- [WORK INSTRUCTIONS]
Skip every picture while you write out the records below, from the first line through the one that contains "#9=PRODUCT_DEFINITION_SHAPE('','',#8);", both ends kept.

----- DATA RECORDS

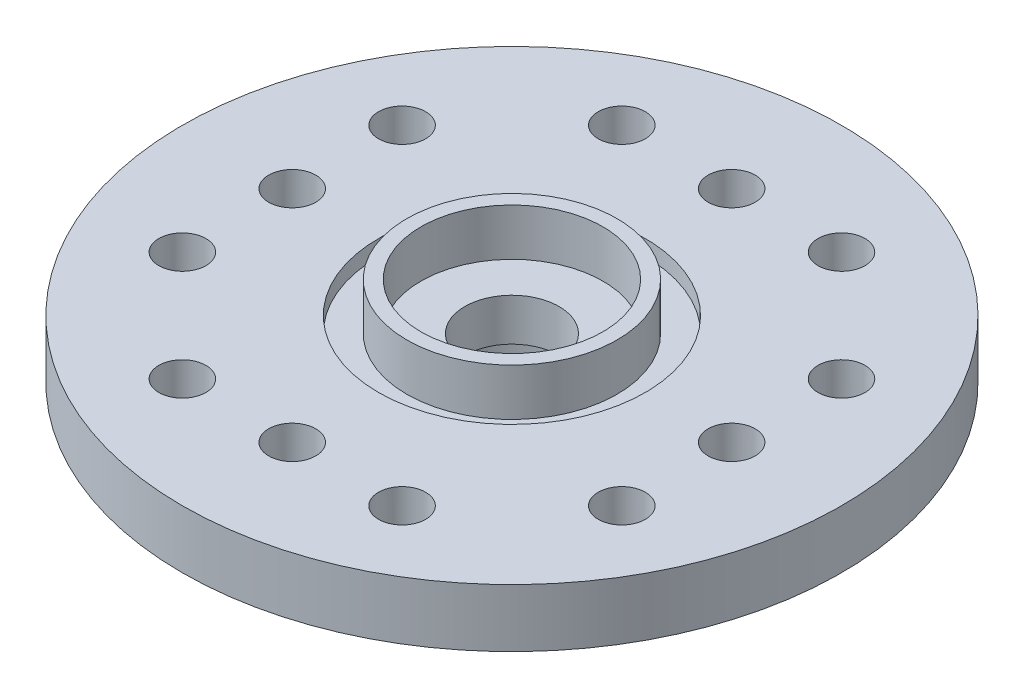
ISO-10303-21;
HEADER;
FILE_DESCRIPTION(('STEP AP214'),'2;1');
FILE_NAME('part.step','',(''),(''),'','','');
FILE_SCHEMA(('AUTOMOTIVE_DESIGN { 1 0 10303 214 1 1 1 1 }'));
ENDSEC;
DATA;
#1=APPLICATION_CONTEXT('core data for automotive mechanical design processes');
#2=APPLICATION_PROTOCOL_DEFINITION('international standard','automotive_design',2000,#1);
#3=PRODUCT_CONTEXT('',#1,'mechanical');
#4=PRODUCT('Part','Part','',(#3));
#5=PRODUCT_RELATED_PRODUCT_CATEGORY('part','',(#4));
#6=PRODUCT_DEFINITION_FORMATION('','',#4);
#7=PRODUCT_DEFINITION_CONTEXT('part definition',#1,'design');
#8=PRODUCT_DEFINITION('design','',#6,#7);
#9=PRODUCT_DEFINITION_SHAPE('','',#8);
#10=(LENGTH_UNIT() NAMED_UNIT(*) SI_UNIT(.MILLI.,.METRE.));
#11=(NAMED_UNIT(*) PLANE_ANGLE_UNIT() SI_UNIT($,.RADIAN.));
#12=(NAMED_UNIT(*) SI_UNIT($,.STERADIAN.) SOLID_ANGLE_UNIT());
#13=UNCERTAINTY_MEASURE_WITH_UNIT(LENGTH_MEASURE(1.E-05),#10,'distance_accuracy_value','');
#14=(GEOMETRIC_REPRESENTATION_CONTEXT(3) GLOBAL_UNCERTAINTY_ASSIGNED_CONTEXT((#13)) GLOBAL_UNIT_ASSIGNED_CONTEXT((#10,
#11,#12)) REPRESENTATION_CONTEXT('',''));
#15=CARTESIAN_POINT('',(0.,0.,0.));
#16=DIRECTION('',(0.,0.,1.));
#17=DIRECTION('',(1.,0.,0.));
#18=AXIS2_PLACEMENT_3D('',#15,#16,#17);
#19=CARTESIAN_POINT('',(0.,0.,0.));
#20=DIRECTION('',(0.,1.,0.));
#21=DIRECTION('',(0.,0.,1.));
#22=AXIS2_PLACEMENT_3D('',#19,#20,#21);
#23=PLANE('',#22);
#24=CARTESIAN_POINT('',(-6.99999999999996,0.,-3.50000000000007));
#25=DIRECTION('',(0.,1.,0.));
#26=DIRECTION('',(0.,0.,1.));
#27=AXIS2_PLACEMENT_3D('',#24,#25,#26);
#28=CIRCLE('',#27,0.75);
#29=CARTESIAN_POINT('',(-6.99999999999996,0.,-2.75000000000007));
#30=VERTEX_POINT('',#29);
#31=EDGE_CURVE('E144',#30,#30,#28,.T.);
#32=ORIENTED_EDGE('',*,*,#31,.T.);
#33=EDGE_LOOP('',(#32));
#34=FACE_BOUND('',#33,.T.);
#35=CARTESIAN_POINT('',(-7.,0.,0.));
#36=DIRECTION('',(0.,1.,0.));
#37=DIRECTION('',(0.,0.,1.));
#38=AXIS2_PLACEMENT_3D('',#35,#36,#37);
#39=CIRCLE('',#38,0.75);
#40=CARTESIAN_POINT('',(-7.,0.,0.749999999999927));
#41=VERTEX_POINT('',#40);
#42=EDGE_CURVE('E138',#41,#41,#39,.T.);
#43=ORIENTED_EDGE('',*,*,#42,.T.);
#44=EDGE_LOOP('',(#43));
#45=FACE_BOUND('',#44,.T.);
#46=CARTESIAN_POINT('',(-7.00000000000004,0.,3.49999999999993));
#47=DIRECTION('',(0.,1.,0.));
#48=DIRECTION('',(0.,0.,1.));
#49=AXIS2_PLACEMENT_3D('',#46,#47,#48);
#50=CIRCLE('',#49,0.75);
#51=CARTESIAN_POINT('',(-7.00000000000004,0.,4.24999999999993));
#52=VERTEX_POINT('',#51);
#53=EDGE_CURVE('E132',#52,#52,#50,.T.);
#54=ORIENTED_EDGE('',*,*,#53,.T.);
#55=EDGE_LOOP('',(#54));
#56=FACE_BOUND('',#55,.T.);
#57=CARTESIAN_POINT('',(-3.5,0.,7.));
#58=DIRECTION('',(0.,1.,0.));
#59=DIRECTION('',(0.,0.,1.));
#60=AXIS2_PLACEMENT_3D('',#57,#58,#59);
#61=CIRCLE('',#60,0.75);
#62=CARTESIAN_POINT('',(-3.5,0.,7.75));
#63=VERTEX_POINT('',#62);
#64=EDGE_CURVE('E126',#63,#63,#61,.T.);
#65=ORIENTED_EDGE('',*,*,#64,.T.);
#66=EDGE_LOOP('',(#65));
#67=FACE_BOUND('',#66,.T.);
#68=CARTESIAN_POINT('',(0.,0.,7.));
#69=DIRECTION('',(0.,1.,0.));
#70=DIRECTION('',(0.,0.,1.));
#71=AXIS2_PLACEMENT_3D('',#68,#69,#70);
#72=CIRCLE('',#71,0.75);
#73=CARTESIAN_POINT('',(0.,0.,7.75));
#74=VERTEX_POINT('',#73);
#75=EDGE_CURVE('E120',#74,#74,#72,.T.);
#76=ORIENTED_EDGE('',*,*,#75,.T.);
#77=EDGE_LOOP('',(#76));
#78=FACE_BOUND('',#77,.T.);
#79=CARTESIAN_POINT('',(3.5,0.,7.));
#80=DIRECTION('',(0.,1.,0.));
#81=DIRECTION('',(0.,0.,1.));
#82=AXIS2_PLACEMENT_3D('',#79,#80,#81);
#83=CIRCLE('',#82,0.75);
#84=CARTESIAN_POINT('',(3.5,0.,7.75));
#85=VERTEX_POINT('',#84);
#86=EDGE_CURVE('E114',#85,#85,#83,.T.);
#87=ORIENTED_EDGE('',*,*,#86,.T.);
#88=EDGE_LOOP('',(#87));
#89=FACE_BOUND('',#88,.T.);
#90=CARTESIAN_POINT('',(6.99999999999999,0.,3.50000000000002));
#91=DIRECTION('',(0.,1.,0.));
#92=DIRECTION('',(0.,0.,1.));
#93=AXIS2_PLACEMENT_3D('',#90,#91,#92);
#94=CIRCLE('',#93,0.75);
#95=CARTESIAN_POINT('',(6.99999999999999,0.,4.25000000000002));
#96=VERTEX_POINT('',#95);
#97=EDGE_CURVE('E108',#96,#96,#94,.T.);
#98=ORIENTED_EDGE('',*,*,#97,.T.);
#99=EDGE_LOOP('',(#98));
#100=FACE_BOUND('',#99,.T.);
#101=CARTESIAN_POINT('',(7.,0.,0.));
#102=DIRECTION('',(0.,1.,0.));
#103=DIRECTION('',(0.,0.,1.));
#104=AXIS2_PLACEMENT_3D('',#101,#102,#103);
#105=CIRCLE('',#104,0.75);
#106=CARTESIAN_POINT('',(7.,0.,0.750000000000025));
#107=VERTEX_POINT('',#106);
#108=EDGE_CURVE('E102',#107,#107,#105,.T.);
#109=ORIENTED_EDGE('',*,*,#108,.T.);
#110=EDGE_LOOP('',(#109));
#111=FACE_BOUND('',#110,.T.);
#112=CARTESIAN_POINT('',(7.00000000000001,0.,-3.49999999999998));
#113=DIRECTION('',(0.,1.,0.));
#114=DIRECTION('',(0.,0.,1.));
#115=AXIS2_PLACEMENT_3D('',#112,#113,#114);
#116=CIRCLE('',#115,0.75);
#117=CARTESIAN_POINT('',(7.00000000000001,0.,-2.74999999999998));
#118=VERTEX_POINT('',#117);
#119=EDGE_CURVE('E96',#118,#118,#116,.T.);
#120=ORIENTED_EDGE('',*,*,#119,.T.);
#121=EDGE_LOOP('',(#120));
#122=FACE_BOUND('',#121,.T.);
#123=CARTESIAN_POINT('',(3.5,0.,-7.));
#124=DIRECTION('',(0.,1.,0.));
#125=DIRECTION('',(0.,0.,1.));
#126=AXIS2_PLACEMENT_3D('',#123,#124,#125);
#127=CIRCLE('',#126,0.75);
#128=CARTESIAN_POINT('',(3.5,0.,-6.25));
#129=VERTEX_POINT('',#128);
#130=EDGE_CURVE('E90',#129,#129,#127,.T.);
#131=ORIENTED_EDGE('',*,*,#130,.T.);
#132=EDGE_LOOP('',(#131));
#133=FACE_BOUND('',#132,.T.);
#134=CARTESIAN_POINT('',(0.,0.,-7.));
#135=DIRECTION('',(0.,1.,0.));
#136=DIRECTION('',(0.,0.,1.));
#137=AXIS2_PLACEMENT_3D('',#134,#135,#136);
#138=CIRCLE('',#137,0.75);
#139=CARTESIAN_POINT('',(0.,0.,-6.25));
#140=VERTEX_POINT('',#139);
#141=EDGE_CURVE('E84',#140,#140,#138,.T.);
#142=ORIENTED_EDGE('',*,*,#141,.T.);
#143=EDGE_LOOP('',(#142));
#144=FACE_BOUND('',#143,.T.);
#145=CARTESIAN_POINT('',(-3.5,0.,-7.));
#146=DIRECTION('',(0.,1.,0.));
#147=DIRECTION('',(0.,0.,1.));
#148=AXIS2_PLACEMENT_3D('',#145,#146,#147);
#149=CIRCLE('',#148,0.75);
#150=CARTESIAN_POINT('',(-3.5,0.,-6.25));
#151=VERTEX_POINT('',#150);
#152=EDGE_CURVE('E78',#151,#151,#149,.T.);
#153=ORIENTED_EDGE('',*,*,#152,.T.);
#154=EDGE_LOOP('',(#153));
#155=FACE_BOUND('',#154,.T.);
#156=CARTESIAN_POINT('',(0.,0.,0.));
#157=DIRECTION('',(0.,1.,0.));
#158=DIRECTION('',(0.,0.,1.));
#159=AXIS2_PLACEMENT_3D('',#156,#157,#158);
#160=CIRCLE('',#159,10.5);
#161=CARTESIAN_POINT('',(0.,0.,10.5));
#162=VERTEX_POINT('',#161);
#163=EDGE_CURVE('E46',#162,#162,#160,.T.);
#164=ORIENTED_EDGE('',*,*,#163,.F.);
#165=EDGE_LOOP('',(#164));
#166=FACE_BOUND('',#165,.T.);
#167=CARTESIAN_POINT('',(0.,0.,0.));
#168=DIRECTION('',(0.,1.,0.));
#169=DIRECTION('',(0.,0.,1.));
#170=AXIS2_PLACEMENT_3D('',#167,#168,#169);
#171=CIRCLE('',#170,4.5);
#172=CARTESIAN_POINT('',(0.,0.,4.5));
#173=VERTEX_POINT('',#172);
#174=EDGE_CURVE('E10',#173,#173,#171,.F.);
#175=ORIENTED_EDGE('',*,*,#174,.F.);
#176=EDGE_LOOP('',(#175));
#177=FACE_BOUND('',#176,.T.);
#178=ADVANCED_FACE('F31',(#34,#45,#56,#67,#78,#89,#100,#111,#122,#133,#144,#155,#166,#177),#23,.F.);
#179=CARTESIAN_POINT('',(0.,1.35,0.));
#180=DIRECTION('',(0.,1.,0.));
#181=DIRECTION('',(0.,0.,1.));
#182=AXIS2_PLACEMENT_3D('',#179,#180,#181);
#183=PLANE('',#182);
#184=CARTESIAN_POINT('',(0.,1.35,0.));
#185=DIRECTION('',(0.,1.,0.));
#186=DIRECTION('',(0.,0.,1.));
#187=AXIS2_PLACEMENT_3D('',#184,#185,#186);
#188=CIRCLE('',#187,4.25);
#189=CARTESIAN_POINT('',(0.,1.35,4.25));
#190=VERTEX_POINT('',#189);
#191=EDGE_CURVE('E49',#190,#190,#188,.T.);
#192=ORIENTED_EDGE('',*,*,#191,.T.);
#193=EDGE_LOOP('',(#192));
#194=FACE_BOUND('',#193,.T.);
#195=CARTESIAN_POINT('',(0.,1.35,0.));
#196=DIRECTION('',(0.,1.,0.));
#197=DIRECTION('',(0.,0.,1.));
#198=AXIS2_PLACEMENT_3D('',#195,#196,#197);
#199=CIRCLE('',#198,3.35);
#200=CARTESIAN_POINT('',(0.,1.35,3.35));
#201=VERTEX_POINT('',#200);
#202=EDGE_CURVE('E58',#201,#201,#199,.T.);
#203=ORIENTED_EDGE('',*,*,#202,.F.);
#204=EDGE_LOOP('',(#203));
#205=FACE_BOUND('',#204,.T.);
#206=ADVANCED_FACE('F187',(#194,#205),#183,.T.);
#207=CARTESIAN_POINT('',(0.,1.85,0.));
#208=DIRECTION('',(0.,-1.,0.));
#209=DIRECTION('',(0.,0.,-1.));
#210=AXIS2_PLACEMENT_3D('',#207,#208,#209);
#211=CYLINDRICAL_SURFACE('',#210,10.5);
#212=CARTESIAN_POINT('',(0.,1.85,0.));
#213=DIRECTION('',(0.,1.,0.));
#214=DIRECTION('',(0.,0.,1.));
#215=AXIS2_PLACEMENT_3D('',#212,#213,#214);
#216=CIRCLE('',#215,10.5);
#217=CARTESIAN_POINT('',(0.,1.85,10.5));
#218=VERTEX_POINT('',#217);
#219=EDGE_CURVE('E43',#218,#218,#216,.T.);
#220=ORIENTED_EDGE('',*,*,#219,.F.);
#221=EDGE_LOOP('',(#220));
#222=FACE_BOUND('',#221,.T.);
#223=ORIENTED_EDGE('',*,*,#163,.T.);
#224=EDGE_LOOP('',(#223));
#225=FACE_BOUND('',#224,.T.);
#226=ADVANCED_FACE('F33',(#222,#225),#211,.T.);
#227=CARTESIAN_POINT('',(0.,1.85,0.));
#228=DIRECTION('',(0.,1.,0.));
#229=DIRECTION('',(0.,0.,1.));
#230=AXIS2_PLACEMENT_3D('',#227,#228,#229);
#231=PLANE('',#230);
#232=CARTESIAN_POINT('',(-6.99999999999996,1.85,-3.50000000000007));
#233=DIRECTION('',(0.,1.,0.));
#234=DIRECTION('',(1.,0.,0.));
#235=AXIS2_PLACEMENT_3D('',#232,#233,#234);
#236=CIRCLE('',#235,0.75);
#237=CARTESIAN_POINT('',(-6.24999999999996,1.85,-3.50000000000007));
#238=VERTEX_POINT('',#237);
#239=EDGE_CURVE('E147',#238,#238,#236,.T.);
#240=ORIENTED_EDGE('',*,*,#239,.F.);
#241=EDGE_LOOP('',(#240));
#242=FACE_BOUND('',#241,.T.);
#243=CARTESIAN_POINT('',(-7.,1.85,0.));
#244=DIRECTION('',(0.,1.,0.));
#245=DIRECTION('',(1.,0.,0.));
#246=AXIS2_PLACEMENT_3D('',#243,#244,#245);
#247=CIRCLE('',#246,0.75);
#248=CARTESIAN_POINT('',(-6.25,1.85,0.));
#249=VERTEX_POINT('',#248);
#250=EDGE_CURVE('E141',#249,#249,#247,.T.);
#251=ORIENTED_EDGE('',*,*,#250,.F.);
#252=EDGE_LOOP('',(#251));
#253=FACE_BOUND('',#252,.T.);
#254=CARTESIAN_POINT('',(-7.00000000000004,1.85,3.49999999999993));
#255=DIRECTION('',(0.,1.,0.));
#256=DIRECTION('',(1.,0.,0.));
#257=AXIS2_PLACEMENT_3D('',#254,#255,#256);
#258=CIRCLE('',#257,0.75);
#259=CARTESIAN_POINT('',(-6.25000000000004,1.85,3.49999999999993));
#260=VERTEX_POINT('',#259);
#261=EDGE_CURVE('E135',#260,#260,#258,.T.);
#262=ORIENTED_EDGE('',*,*,#261,.F.);
#263=EDGE_LOOP('',(#262));
#264=FACE_BOUND('',#263,.T.);
#265=CARTESIAN_POINT('',(-3.5,1.85,7.));
#266=DIRECTION('',(0.,1.,0.));
#267=DIRECTION('',(0.,0.,-1.));
#268=AXIS2_PLACEMENT_3D('',#265,#266,#267);
#269=CIRCLE('',#268,0.75);
#270=CARTESIAN_POINT('',(-3.5,1.85,6.25));
#271=VERTEX_POINT('',#270);
#272=EDGE_CURVE('E129',#271,#271,#269,.T.);
#273=ORIENTED_EDGE('',*,*,#272,.F.);
#274=EDGE_LOOP('',(#273));
#275=FACE_BOUND('',#274,.T.);
#276=CARTESIAN_POINT('',(0.,1.85,7.));
#277=DIRECTION('',(0.,1.,0.));
#278=DIRECTION('',(0.,0.,-1.));
#279=AXIS2_PLACEMENT_3D('',#276,#277,#278);
#280=CIRCLE('',#279,0.75);
#281=CARTESIAN_POINT('',(0.,1.85,6.25));
#282=VERTEX_POINT('',#281);
#283=EDGE_CURVE('E123',#282,#282,#280,.T.);
#284=ORIENTED_EDGE('',*,*,#283,.F.);
#285=EDGE_LOOP('',(#284));
#286=FACE_BOUND('',#285,.T.);
#287=CARTESIAN_POINT('',(3.5,1.85,7.));
#288=DIRECTION('',(0.,1.,0.));
#289=DIRECTION('',(0.,0.,-1.));
#290=AXIS2_PLACEMENT_3D('',#287,#288,#289);
#291=CIRCLE('',#290,0.75);
#292=CARTESIAN_POINT('',(3.5,1.85,6.25));
#293=VERTEX_POINT('',#292);
#294=EDGE_CURVE('E117',#293,#293,#291,.T.);
#295=ORIENTED_EDGE('',*,*,#294,.F.);
#296=EDGE_LOOP('',(#295));
#297=FACE_BOUND('',#296,.T.);
#298=CARTESIAN_POINT('',(6.99999999999999,1.85,3.50000000000002));
#299=DIRECTION('',(0.,1.,0.));
#300=DIRECTION('',(-1.,0.,0.));
#301=AXIS2_PLACEMENT_3D('',#298,#299,#300);
#302=CIRCLE('',#301,0.75);
#303=CARTESIAN_POINT('',(6.24999999999999,1.85,3.50000000000002));
#304=VERTEX_POINT('',#303);
#305=EDGE_CURVE('E111',#304,#304,#302,.T.);
#306=ORIENTED_EDGE('',*,*,#305,.F.);
#307=EDGE_LOOP('',(#306));
#308=FACE_BOUND('',#307,.T.);
#309=CARTESIAN_POINT('',(7.,1.85,0.));
#310=DIRECTION('',(0.,1.,0.));
#311=DIRECTION('',(-1.,0.,0.));
#312=AXIS2_PLACEMENT_3D('',#309,#310,#311);
#313=CIRCLE('',#312,0.75);
#314=CARTESIAN_POINT('',(6.25,1.85,0.));
#315=VERTEX_POINT('',#314);
#316=EDGE_CURVE('E105',#315,#315,#313,.T.);
#317=ORIENTED_EDGE('',*,*,#316,.F.);
#318=EDGE_LOOP('',(#317));
#319=FACE_BOUND('',#318,.T.);
#320=CARTESIAN_POINT('',(7.00000000000001,1.85,-3.49999999999998));
#321=DIRECTION('',(0.,1.,0.));
#322=DIRECTION('',(-1.,0.,0.));
#323=AXIS2_PLACEMENT_3D('',#320,#321,#322);
#324=CIRCLE('',#323,0.75);
#325=CARTESIAN_POINT('',(6.25000000000001,1.85,-3.49999999999998));
#326=VERTEX_POINT('',#325);
#327=EDGE_CURVE('E99',#326,#326,#324,.T.);
#328=ORIENTED_EDGE('',*,*,#327,.F.);
#329=EDGE_LOOP('',(#328));
#330=FACE_BOUND('',#329,.T.);
#331=CARTESIAN_POINT('',(3.5,1.85,-7.));
#332=DIRECTION('',(0.,1.,0.));
#333=DIRECTION('',(0.,0.,1.));
#334=AXIS2_PLACEMENT_3D('',#331,#332,#333);
#335=CIRCLE('',#334,0.75);
#336=CARTESIAN_POINT('',(3.5,1.85,-6.25));
#337=VERTEX_POINT('',#336);
#338=EDGE_CURVE('E93',#337,#337,#335,.T.);
#339=ORIENTED_EDGE('',*,*,#338,.F.);
#340=EDGE_LOOP('',(#339));
#341=FACE_BOUND('',#340,.T.);
#342=CARTESIAN_POINT('',(0.,1.85,-7.));
#343=DIRECTION('',(0.,1.,0.));
#344=DIRECTION('',(0.,0.,1.));
#345=AXIS2_PLACEMENT_3D('',#342,#343,#344);
#346=CIRCLE('',#345,0.75);
#347=CARTESIAN_POINT('',(0.,1.85,-6.25));
#348=VERTEX_POINT('',#347);
#349=EDGE_CURVE('E87',#348,#348,#346,.T.);
#350=ORIENTED_EDGE('',*,*,#349,.F.);
#351=EDGE_LOOP('',(#350));
#352=FACE_BOUND('',#351,.T.);
#353=CARTESIAN_POINT('',(-3.5,1.85,-7.));
#354=DIRECTION('',(0.,1.,0.));
#355=DIRECTION('',(0.,0.,1.));
#356=AXIS2_PLACEMENT_3D('',#353,#354,#355);
#357=CIRCLE('',#356,0.75);
#358=CARTESIAN_POINT('',(-3.5,1.85,-6.25));
#359=VERTEX_POINT('',#358);
#360=EDGE_CURVE('E81',#359,#359,#357,.T.);
#361=ORIENTED_EDGE('',*,*,#360,.F.);
#362=EDGE_LOOP('',(#361));
#363=FACE_BOUND('',#362,.T.);
#364=CARTESIAN_POINT('',(0.,1.85,0.));
#365=DIRECTION('',(0.,1.,0.));
#366=DIRECTION('',(0.,0.,1.));
#367=AXIS2_PLACEMENT_3D('',#364,#365,#366);
#368=CIRCLE('',#367,4.25);
#369=CARTESIAN_POINT('',(0.,1.85,4.25));
#370=VERTEX_POINT('',#369);
#371=EDGE_CURVE('E52',#370,#370,#368,.T.);
#372=ORIENTED_EDGE('',*,*,#371,.F.);
#373=EDGE_LOOP('',(#372));
#374=FACE_BOUND('',#373,.T.);
#375=ORIENTED_EDGE('',*,*,#219,.T.);
#376=EDGE_LOOP('',(#375));
#377=FACE_BOUND('',#376,.T.);
#378=ADVANCED_FACE('F154',(#242,#253,#264,#275,#286,#297,#308,#319,#330,#341,#352,#363,#374,
#377),#231,.T.);
#379=CARTESIAN_POINT('',(0.,1.35,0.));
#380=DIRECTION('',(0.,1.,0.));
#381=DIRECTION('',(0.,0.,1.));
#382=AXIS2_PLACEMENT_3D('',#379,#380,#381);
#383=CYLINDRICAL_SURFACE('',#382,4.25);
#384=ORIENTED_EDGE('',*,*,#191,.F.);
#385=EDGE_LOOP('',(#384));
#386=FACE_BOUND('',#385,.T.);
#387=ORIENTED_EDGE('',*,*,#371,.T.);
#388=EDGE_LOOP('',(#387));
#389=FACE_BOUND('',#388,.T.);
#390=ADVANCED_FACE('F157',(#386,#389),#383,.F.);
#391=CARTESIAN_POINT('',(0.,2.85,0.));
#392=DIRECTION('',(0.,1.,0.));
#393=DIRECTION('',(0.,0.,1.));
#394=AXIS2_PLACEMENT_3D('',#391,#392,#393);
#395=PLANE('',#394);
#396=CARTESIAN_POINT('',(0.,2.85,0.));
#397=DIRECTION('',(0.,1.,0.));
#398=DIRECTION('',(0.,0.,1.));
#399=AXIS2_PLACEMENT_3D('',#396,#397,#398);
#400=CIRCLE('',#399,3.35);
#401=CARTESIAN_POINT('',(0.,2.85,3.35));
#402=VERTEX_POINT('',#401);
#403=EDGE_CURVE('E55',#402,#402,#400,.T.);
#404=ORIENTED_EDGE('',*,*,#403,.T.);
#405=EDGE_LOOP('',(#404));
#406=FACE_BOUND('',#405,.T.);
#407=CARTESIAN_POINT('',(0.,2.85,0.));
#408=DIRECTION('',(0.,1.,0.));
#409=DIRECTION('',(0.,0.,1.));
#410=AXIS2_PLACEMENT_3D('',#407,#408,#409);
#411=CIRCLE('',#410,2.9);
#412=CARTESIAN_POINT('',(0.,2.85,2.9));
#413=VERTEX_POINT('',#412);
#414=EDGE_CURVE('E61',#413,#413,#411,.T.);
#415=ORIENTED_EDGE('',*,*,#414,.F.);
#416=EDGE_LOOP('',(#415));
#417=FACE_BOUND('',#416,.T.);
#418=ADVANCED_FACE('F237',(#406,#417),#395,.T.);
#419=CARTESIAN_POINT('',(0.,2.85,0.));
#420=DIRECTION('',(0.,-1.,0.));
#421=DIRECTION('',(0.,0.,-1.));
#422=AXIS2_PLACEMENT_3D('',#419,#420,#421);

----------

- [ANSWER]
ISO-10303-21;
HEADER;
FILE_DESCRIPTION(('STEP AP214'),'2;1');
FILE_NAME('part.step','',(''),(''),'','','');
FILE_SCHEMA(('AUTOMOTIVE_DESIGN { 1 0 10303 214 1 1 1 1 }'));
ENDSEC;
DATA;
#1=APPLICATION_CONTEXT('core data for automotive mechanical design processes');
#2=APPLICATION_PROTOCOL_DEFINITION('international standard','automotive_design',2000,#1);
#3=PRODUCT_CONTEXT('',#1,'mechanical');
#4=PRODUCT('Part','Part','',(#3));
#5=PRODUCT_RELATED_PRODUCT_CATEGORY('part','',(#4));
#6=PRODUCT_DEFINITION_FORMATION('','',#4);
#7=PRODUCT_DEFINITION_CONTEXT('part definition',#1,'design');
#8=PRODUCT_DEFINITION('design','',#6,#7);
#9=PRODUCT_DEFINITION_SHAPE('','',#8);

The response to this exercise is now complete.